**Task**: Starting at the line below holding "#158=CARTESIAN_POINT('',(-49.8,50.8,0.));" and stopping at the line holding "#178=ADVANCED_FACE('F316',(#177),#143,.T.);", print every line exactly, both ends included, and leave the rest out.

Content starts

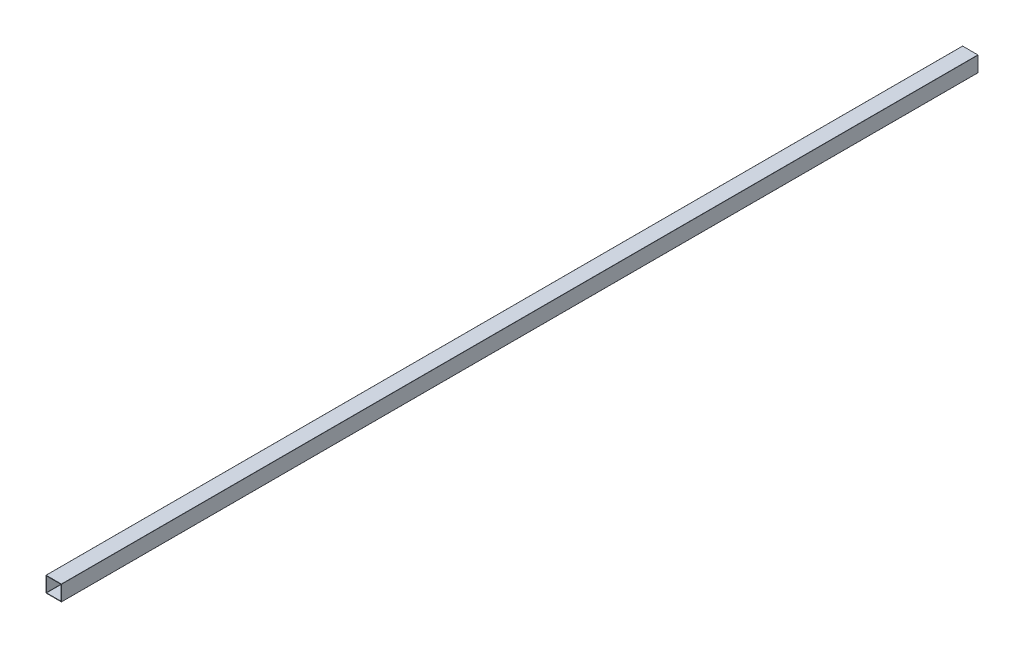
ISO-10303-21;
HEADER;
FILE_DESCRIPTION(('STEP AP214'),'2;1');
FILE_NAME('part.step','',(''),(''),'','','');
FILE_SCHEMA(('AUTOMOTIVE_DESIGN { 1 0 10303 214 1 1 1 1 }'));
ENDSEC;
DATA;
#1=APPLICATION_CONTEXT('core data for automotive mechanical design processes');
#2=APPLICATION_PROTOCOL_DEFINITION('international standard','automotive_design',2000,#1);
#3=PRODUCT_CONTEXT('',#1,'mechanical');
#4=PRODUCT('Part','Part','',(#3));
#5=PRODUCT_RELATED_PRODUCT_CATEGORY('part','',(#4));
#6=PRODUCT_DEFINITION_FORMATION('','',#4);
#7=PRODUCT_DEFINITION_CONTEXT('part definition',#1,'design');
#8=PRODUCT_DEFINITION('design','',#6,#7);
#9=PRODUCT_DEFINITION_SHAPE('','',#8);
#10=(LENGTH_UNIT() NAMED_UNIT(*) SI_UNIT(.MILLI.,.METRE.));
#11=(NAMED_UNIT(*) PLANE_ANGLE_UNIT() SI_UNIT($,.RADIAN.));
#12=(NAMED_UNIT(*) SI_UNIT($,.STERADIAN.) SOLID_ANGLE_UNIT());
#13=UNCERTAINTY_MEASURE_WITH_UNIT(LENGTH_MEASURE(1.E-05),#10,'distance_accuracy_value','');
#14=(GEOMETRIC_REPRESENTATION_CONTEXT(3) GLOBAL_UNCERTAINTY_ASSIGNED_CONTEXT((#13)) GLOBAL_UNIT_ASSIGNED_CONTEXT((#10,
#11,#12)) REPRESENTATION_CONTEXT('',''));
#15=CARTESIAN_POINT('',(0.,0.,0.));
#16=DIRECTION('',(0.,0.,1.));
#17=DIRECTION('',(1.,0.,0.));
#18=AXIS2_PLACEMENT_3D('',#15,#16,#17);
#19=CARTESIAN_POINT('',(50.8,-50.8,-6000.));
#20=DIRECTION('',(1.,0.,0.));
#21=DIRECTION('',(0.,0.,-1.));
#22=AXIS2_PLACEMENT_3D('',#19,#20,#21);
#23=PLANE('',#22);
#24=DIRECTION('',(0.,1.,0.));
#25=VECTOR('',#24,1.);
#26=CARTESIAN_POINT('',(50.8,-50.8,0.));
#27=LINE('',#26,#25);
#28=CARTESIAN_POINT('',(50.8,-49.8,0.));
#29=VERTEX_POINT('',#28);
#30=CARTESIAN_POINT('',(50.8,49.8,0.));
#31=VERTEX_POINT('',#30);
#32=EDGE_CURVE('E197',#29,#31,#27,.T.);
#33=ORIENTED_EDGE('',*,*,#32,.F.);
#34=DIRECTION('',(0.,0.,1.));
#35=VECTOR('',#34,1.);
#36=CARTESIAN_POINT('',(50.8,-49.8,-6000.));
#37=LINE('',#36,#35);
#38=CARTESIAN_POINT('',(50.8,-49.8,-6000.));
#39=VERTEX_POINT('',#38);
#40=EDGE_CURVE('E158',#29,#39,#37,.F.);
#41=ORIENTED_EDGE('',*,*,#40,.T.);
#42=DIRECTION('',(0.,1.,0.));
#43=VECTOR('',#42,1.);
#44=CARTESIAN_POINT('',(50.8,-50.8,-6000.));
#45=LINE('',#44,#43);
#46=CARTESIAN_POINT('',(50.8,49.8,-6000.));
#47=VERTEX_POINT('',#46);
#48=EDGE_CURVE('E185',#39,#47,#45,.T.);
#49=ORIENTED_EDGE('',*,*,#48,.T.);
#50=DIRECTION('',(0.,0.,1.));
#51=VECTOR('',#50,1.);
#52=CARTESIAN_POINT('',(50.8,49.8,-6000.));
#53=LINE('',#52,#51);
#54=EDGE_CURVE('E251',#47,#31,#53,.T.);
#55=ORIENTED_EDGE('',*,*,#54,.T.);
#56=EDGE_LOOP('',(#33,#41,#49,#55));
#57=FACE_BOUND('',#56,.T.);
#58=ADVANCED_FACE('F33',(#57),#23,.T.);
#59=CARTESIAN_POINT('',(-50.8,-50.8,-6000.));
#60=DIRECTION('',(0.,-1.,0.));
#61=DIRECTION('',(0.,0.,-1.));
#62=AXIS2_PLACEMENT_3D('',#59,#60,#61);
#63=PLANE('',#62);
#64=DIRECTION('',(1.,0.,0.));
#65=VECTOR('',#64,1.);
#66=CARTESIAN_POINT('',(-50.8,-50.8,0.));
#67=LINE('',#66,#65);
#68=CARTESIAN_POINT('',(-49.8,-50.8,0.));
#69=VERTEX_POINT('',#68);
#70=CARTESIAN_POINT('',(49.8,-50.8,0.));
#71=VERTEX_POINT('',#70);
#72=EDGE_CURVE('E189',#69,#71,#67,.T.);
#73=ORIENTED_EDGE('',*,*,#72,.F.);
#74=DIRECTION('',(0.,0.,1.));
#75=VECTOR('',#74,1.);
#76=CARTESIAN_POINT('',(-49.8,-50.8,-6000.));
#77=LINE('',#76,#75);
#78=CARTESIAN_POINT('',(-49.8,-50.8,-6000.));
#79=VERTEX_POINT('',#78);
#80=EDGE_CURVE('E238',#69,#79,#77,.F.);
#81=ORIENTED_EDGE('',*,*,#80,.T.);
#82=DIRECTION('',(1.,0.,0.));
#83=VECTOR('',#82,1.);
#84=CARTESIAN_POINT('',(-50.8,-50.8,-6000.));
#85=LINE('',#84,#83);
#86=CARTESIAN_POINT('',(49.8,-50.8,-6000.));
#87=VERTEX_POINT('',#86);
#88=EDGE_CURVE('E194',#79,#87,#85,.T.);
#89=ORIENTED_EDGE('',*,*,#88,.T.);
#90=DIRECTION('',(0.,0.,1.));
#91=VECTOR('',#90,1.);
#92=CARTESIAN_POINT('',(49.8,-50.8,-6000.));
#93=LINE('',#92,#91);
#94=EDGE_CURVE('E235',#87,#71,#93,.T.);
#95=ORIENTED_EDGE('',*,*,#94,.T.);
#96=EDGE_LOOP('',(#73,#81,#89,#95));
#97=FACE_BOUND('',#96,.T.);
#98=ADVANCED_FACE('F305',(#97),#63,.T.);
#99=CARTESIAN_POINT('',(-50.8,-50.8,-6000.));
#100=DIRECTION('',(-1.,0.,0.));
#101=DIRECTION('',(0.,0.,1.));
#102=AXIS2_PLACEMENT_3D('',#99,#100,#101);
#103=PLANE('',#102);
#104=DIRECTION('',(0.,-1.,0.));
#105=VECTOR('',#104,1.);
#106=CARTESIAN_POINT('',(-50.8,-50.8,-6000.));
#107=LINE('',#106,#105);
#108=CARTESIAN_POINT('',(-50.8,49.8,-6000.));
#109=VERTEX_POINT('',#108);
#110=CARTESIAN_POINT('',(-50.8,-49.8,-6000.));
#111=VERTEX_POINT('',#110);
#112=EDGE_CURVE('E191',#109,#111,#107,.T.);
#113=ORIENTED_EDGE('',*,*,#112,.T.);
#114=DIRECTION('',(0.,0.,1.));
#115=VECTOR('',#114,1.);
#116=CARTESIAN_POINT('',(-50.8,-49.8,-6000.));
#117=LINE('',#116,#115);
#118=CARTESIAN_POINT('',(-50.8,-49.8,0.));
#119=VERTEX_POINT('',#118);
#120=EDGE_CURVE('E224',#111,#119,#117,.T.);
#121=ORIENTED_EDGE('',*,*,#120,.T.);
#122=DIRECTION('',(0.,-1.,0.));
#123=VECTOR('',#122,1.);
#124=CARTESIAN_POINT('',(-50.8,-50.8,0.));
#125=LINE('',#124,#123);
#126=CARTESIAN_POINT('',(-50.8,49.8,0.));
#127=VERTEX_POINT('',#126);
#128=EDGE_CURVE('E203',#127,#119,#125,.T.);
#129=ORIENTED_EDGE('',*,*,#128,.F.);
#130=DIRECTION('',(0.,0.,1.));
#131=VECTOR('',#130,1.);
#132=CARTESIAN_POINT('',(-50.8,49.8,-6000.));
#133=LINE('',#132,#131);
#134=EDGE_CURVE('E222',#127,#109,#133,.F.);
#135=ORIENTED_EDGE('',*,*,#134,.T.);
#136=EDGE_LOOP('',(#113,#121,#129,#135));
#137=FACE_BOUND('',#136,.T.);
#138=ADVANCED_FACE('F311',(#137),#103,.T.);
#139=CARTESIAN_POINT('',(-50.8,50.8,-6000.));
#140=DIRECTION('',(0.,1.,0.));
#141=DIRECTION('',(0.,0.,1.));
#142=AXIS2_PLACEMENT_3D('',#139,#140,#141);
#143=PLANE('',#142);
#144=DIRECTION('',(-1.,0.,0.));
#145=VECTOR('',#144,1.);
#146=CARTESIAN_POINT('',(-50.8,50.8,-6000.));
#147=LINE('',#146,#145);
#148=CARTESIAN_POINT('',(49.8,50.8,-6000.));
#149=VERTEX_POINT('',#148);
#150=CARTESIAN_POINT('',(-49.8,50.8,-6000.));
#151=VERTEX_POINT('',#150);
#152=EDGE_CURVE('E188',#149,#151,#147,.T.);
#153=ORIENTED_EDGE('',*,*,#152,.T.);
#154=DIRECTION('',(0.,0.,1.));
#155=VECTOR('',#154,1.);
#156=CARTESIAN_POINT('',(-49.8,50.8,-6000.));
#157=LINE('',#156,#155);
#158=CARTESIAN_POINT('',(-49.8,50.8,0.));
#159=VERTEX_POINT('',#158);
#160=EDGE_CURVE('E248',#151,#159,#157,.T.);
#161=ORIENTED_EDGE('',*,*,#160,.T.);
#162=DIRECTION('',(-1.,0.,0.));
#163=VECTOR('',#162,1.);
#164=CARTESIAN_POINT('',(-50.8,50.8,0.));
#165=LINE('',#164,#163);
#166=CARTESIAN_POINT('',(49.8,50.8,0.));
#167=VERTEX_POINT('',#166);
#168=EDGE_CURVE('E200',#167,#159,#165,.T.);
#169=ORIENTED_EDGE('',*,*,#168,.F.);
#170=DIRECTION('',(0.,0.,1.));
#171=VECTOR('',#170,1.);
#172=CARTESIAN_POINT('',(49.8,50.8,-6000.));
#173=LINE('',#172,#171);
#174=EDGE_CURVE('E55',#167,#149,#173,.F.);
#175=ORIENTED_EDGE('',*,*,#174,.T.);
#176=EDGE_LOOP('',(#153,#161,#169,#175));
#177=FACE_BOUND('',#176,.T.);
#178=ADVANCED_FACE('F316',(#177),#143,.T.);
#179=CARTESIAN_POINT('',(0.,0.,-6000.));
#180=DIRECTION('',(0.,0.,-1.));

Content ends

**Final answer**:
#158=CARTESIAN_POINT('',(-49.8,50.8,0.));
#159=VERTEX_POINT('',#158);
#160=EDGE_CURVE('E248',#151,#159,#157,.T.);
#161=ORIENTED_EDGE('',*,*,#160,.T.);
#162=DIRECTION('',(-1.,0.,0.));
#163=VECTOR('',#162,1.);
#164=CARTESIAN_POINT('',(-50.8,50.8,0.));
#165=LINE('',#164,#163);
#166=CARTESIAN_POINT('',(49.8,50.8,0.));
#167=VERTEX_POINT('',#166);
#168=EDGE_CURVE('E200',#167,#159,#165,.T.);
#169=ORIENTED_EDGE('',*,*,#168,.F.);
#170=DIRECTION('',(0.,0.,1.));
#171=VECTOR('',#170,1.);
#172=CARTESIAN_POINT('',(49.8,50.8,-6000.));
#173=LINE('',#172,#171);
#174=EDGE_CURVE('E55',#167,#149,#173,.F.);
#175=ORIENTED_EDGE('',*,*,#174,.T.);
#176=EDGE_LOOP('',(#153,#161,#169,#175));
#177=FACE_BOUND('',#176,.T.);
#178=ADVANCED_FACE('F316',(#177),#143,.T.);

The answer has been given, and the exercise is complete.